● Assigned task:
When you copy the listing, reproduce each line as it appears and omit every image.
****************
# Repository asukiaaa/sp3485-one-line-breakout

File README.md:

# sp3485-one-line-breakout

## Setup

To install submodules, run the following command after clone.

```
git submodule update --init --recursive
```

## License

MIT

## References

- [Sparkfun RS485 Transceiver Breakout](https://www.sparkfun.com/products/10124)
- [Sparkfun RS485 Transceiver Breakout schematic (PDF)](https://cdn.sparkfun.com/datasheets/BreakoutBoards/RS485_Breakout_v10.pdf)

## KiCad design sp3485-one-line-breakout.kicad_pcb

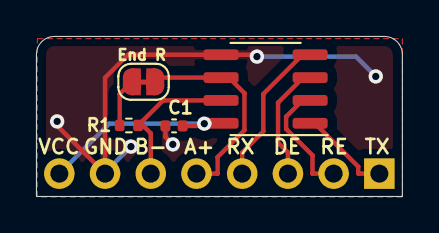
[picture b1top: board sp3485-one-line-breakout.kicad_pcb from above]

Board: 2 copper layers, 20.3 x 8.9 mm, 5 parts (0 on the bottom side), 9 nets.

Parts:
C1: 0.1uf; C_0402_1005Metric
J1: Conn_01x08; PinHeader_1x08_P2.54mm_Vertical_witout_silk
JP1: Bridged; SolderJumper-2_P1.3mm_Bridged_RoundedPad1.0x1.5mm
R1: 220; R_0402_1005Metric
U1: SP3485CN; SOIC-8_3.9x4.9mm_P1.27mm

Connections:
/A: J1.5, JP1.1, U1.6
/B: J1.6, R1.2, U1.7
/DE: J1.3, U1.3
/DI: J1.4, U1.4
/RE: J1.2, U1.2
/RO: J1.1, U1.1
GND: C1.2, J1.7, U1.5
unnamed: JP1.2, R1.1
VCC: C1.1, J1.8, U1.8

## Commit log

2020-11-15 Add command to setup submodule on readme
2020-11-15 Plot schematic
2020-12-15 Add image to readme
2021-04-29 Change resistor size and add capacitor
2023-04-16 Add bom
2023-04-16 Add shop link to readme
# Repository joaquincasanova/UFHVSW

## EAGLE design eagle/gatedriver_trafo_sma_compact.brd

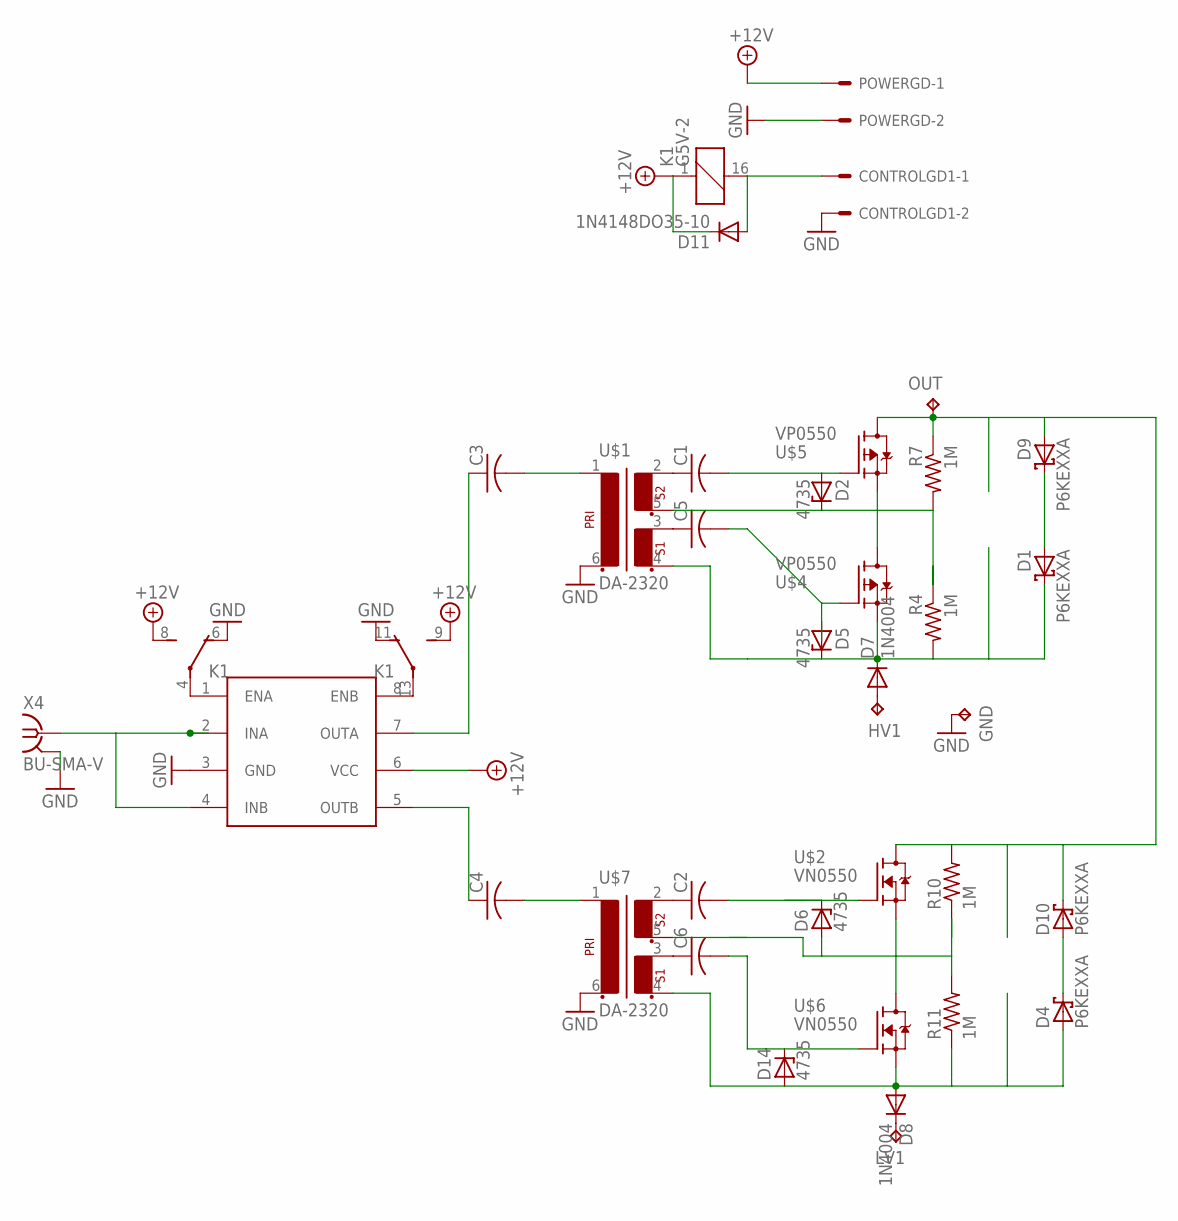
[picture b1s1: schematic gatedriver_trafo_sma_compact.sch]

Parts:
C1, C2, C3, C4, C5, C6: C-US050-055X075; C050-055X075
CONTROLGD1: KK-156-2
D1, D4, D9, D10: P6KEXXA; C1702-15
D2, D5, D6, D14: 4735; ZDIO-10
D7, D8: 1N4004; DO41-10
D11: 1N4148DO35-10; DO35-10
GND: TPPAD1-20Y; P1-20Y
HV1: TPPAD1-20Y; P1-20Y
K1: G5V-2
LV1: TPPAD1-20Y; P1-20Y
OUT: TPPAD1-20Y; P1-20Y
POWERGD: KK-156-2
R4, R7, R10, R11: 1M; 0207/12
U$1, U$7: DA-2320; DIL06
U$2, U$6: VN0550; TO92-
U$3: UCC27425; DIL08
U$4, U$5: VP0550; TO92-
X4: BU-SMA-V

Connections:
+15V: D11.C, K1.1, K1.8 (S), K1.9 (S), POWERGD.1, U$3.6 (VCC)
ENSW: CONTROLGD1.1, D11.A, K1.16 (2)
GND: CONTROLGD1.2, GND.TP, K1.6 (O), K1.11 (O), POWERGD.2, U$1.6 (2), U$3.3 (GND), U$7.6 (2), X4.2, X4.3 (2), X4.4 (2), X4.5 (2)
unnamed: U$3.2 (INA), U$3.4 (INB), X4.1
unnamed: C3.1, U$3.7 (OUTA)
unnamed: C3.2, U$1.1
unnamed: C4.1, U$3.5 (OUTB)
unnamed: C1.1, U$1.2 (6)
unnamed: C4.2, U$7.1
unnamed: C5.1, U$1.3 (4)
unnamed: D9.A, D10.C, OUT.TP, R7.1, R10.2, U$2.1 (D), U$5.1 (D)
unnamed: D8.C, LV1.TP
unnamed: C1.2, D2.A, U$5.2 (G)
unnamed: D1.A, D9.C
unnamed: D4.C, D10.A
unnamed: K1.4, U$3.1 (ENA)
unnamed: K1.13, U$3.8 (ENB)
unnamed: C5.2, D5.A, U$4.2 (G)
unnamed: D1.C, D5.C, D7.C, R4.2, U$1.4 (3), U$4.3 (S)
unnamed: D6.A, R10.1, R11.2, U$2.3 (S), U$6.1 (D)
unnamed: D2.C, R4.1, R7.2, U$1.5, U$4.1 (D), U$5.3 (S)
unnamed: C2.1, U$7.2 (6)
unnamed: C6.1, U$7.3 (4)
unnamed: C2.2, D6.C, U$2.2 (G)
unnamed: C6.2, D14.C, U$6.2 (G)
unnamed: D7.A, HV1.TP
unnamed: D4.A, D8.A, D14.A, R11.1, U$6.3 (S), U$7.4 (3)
****************
● Solution for this task:
# Repository asukiaaa/sp3485-one-line-breakout

File README.md:

# sp3485-one-line-breakout

## Setup

To install submodules, run the following command after clone.

```
git submodule update --init --recursive
```

## License

MIT

## References

- [Sparkfun RS485 Transceiver Breakout](https://www.sparkfun.com/products/10124)
- [Sparkfun RS485 Transceiver Breakout schematic (PDF)](https://cdn.sparkfun.com/datasheets/BreakoutBoards/RS485_Breakout_v10.pdf)

## KiCad design sp3485-one-line-breakout.kicad_pcb

[picture b1top: board sp3485-one-line-breakout.kicad_pcb from above]

Board: 2 copper layers, 20.3 x 8.9 mm, 5 parts (0 on the bottom side), 9 nets.

Parts:
C1: 0.1uf; C_0402_1005Metric
J1: Conn_01x08; PinHeader_1x08_P2.54mm_Vertical_witout_silk
JP1: Bridged; SolderJumper-2_P1.3mm_Bridged_RoundedPad1.0x1.5mm
R1: 220; R_0402_1005Metric
U1: SP3485CN; SOIC-8_3.9x4.9mm_P1.27mm

Connections:
/A: J1.5, JP1.1, U1.6
/B: J1.6, R1.2, U1.7
/DE: J1.3, U1.3
/DI: J1.4, U1.4
/RE: J1.2, U1.2
/RO: J1.1, U1.1
GND: C1.2, J1.7, U1.5
unnamed: JP1.2, R1.1
VCC: C1.1, J1.8, U1.8

## Commit log

2020-11-15 Add command to setup submodule on readme
2020-11-15 Plot schematic
2020-12-15 Add image to readme
2021-04-29 Change resistor size and add capacitor
2023-04-16 Add bom
2023-04-16 Add shop link to readme
# Repository joaquincasanova/UFHVSW

## EAGLE design eagle/gatedriver_trafo_sma_compact.brd

[picture b1s1: schematic gatedriver_trafo_sma_compact.sch]

Parts:
C1, C2, C3, C4, C5, C6: C-US050-055X075; C050-055X075
CONTROLGD1: KK-156-2
D1, D4, D9, D10: P6KEXXA; C1702-15
D2, D5, D6, D14: 4735; ZDIO-10
D7, D8: 1N4004; DO41-10
D11: 1N4148DO35-10; DO35-10
GND: TPPAD1-20Y; P1-20Y
HV1: TPPAD1-20Y; P1-20Y
K1: G5V-2
LV1: TPPAD1-20Y; P1-20Y
OUT: TPPAD1-20Y; P1-20Y
POWERGD: KK-156-2
R4, R7, R10, R11: 1M; 0207/12
U$1, U$7: DA-2320; DIL06
U$2, U$6: VN0550; TO92-
U$3: UCC27425; DIL08
U$4, U$5: VP0550; TO92-
X4: BU-SMA-V

Connections:
+15V: D11.C, K1.1, K1.8 (S), K1.9 (S), POWERGD.1, U$3.6 (VCC)
ENSW: CONTROLGD1.1, D11.A, K1.16 (2)
GND: CONTROLGD1.2, GND.TP, K1.6 (O), K1.11 (O), POWERGD.2, U$1.6 (2), U$3.3 (GND), U$7.6 (2), X4.2, X4.3 (2), X4.4 (2), X4.5 (2)
unnamed: U$3.2 (INA), U$3.4 (INB), X4.1
unnamed: C3.1, U$3.7 (OUTA)
unnamed: C3.2, U$1.1
unnamed: C4.1, U$3.5 (OUTB)
unnamed: C1.1, U$1.2 (6)
unnamed: C4.2, U$7.1
unnamed: C5.1, U$1.3 (4)
unnamed: D9.A, D10.C, OUT.TP, R7.1, R10.2, U$2.1 (D), U$5.1 (D)
unnamed: D8.C, LV1.TP
unnamed: C1.2, D2.A, U$5.2 (G)
unnamed: D1.A, D9.C
unnamed: D4.C, D10.A
unnamed: K1.4, U$3.1 (ENA)
unnamed: K1.13, U$3.8 (ENB)
unnamed: C5.2, D5.A, U$4.2 (G)
unnamed: D1.C, D5.C, D7.C, R4.2, U$1.4 (3), U$4.3 (S)
unnamed: D6.A, R10.1, R11.2, U$2.3 (S), U$6.1 (D)
unnamed: D2.C, R4.1, R7.2, U$1.5, U$4.1 (D), U$5.3 (S)
unnamed: C2.1, U$7.2 (6)
unnamed: C6.1, U$7.3 (4)
unnamed: C2.2, D6.C, U$2.2 (G)
unnamed: C6.2, D14.C, U$6.2 (G)
unnamed: D7.A, HV1.TP
unnamed: D4.A, D8.A, D14.A, R11.1, U$6.3 (S), U$7.4 (3)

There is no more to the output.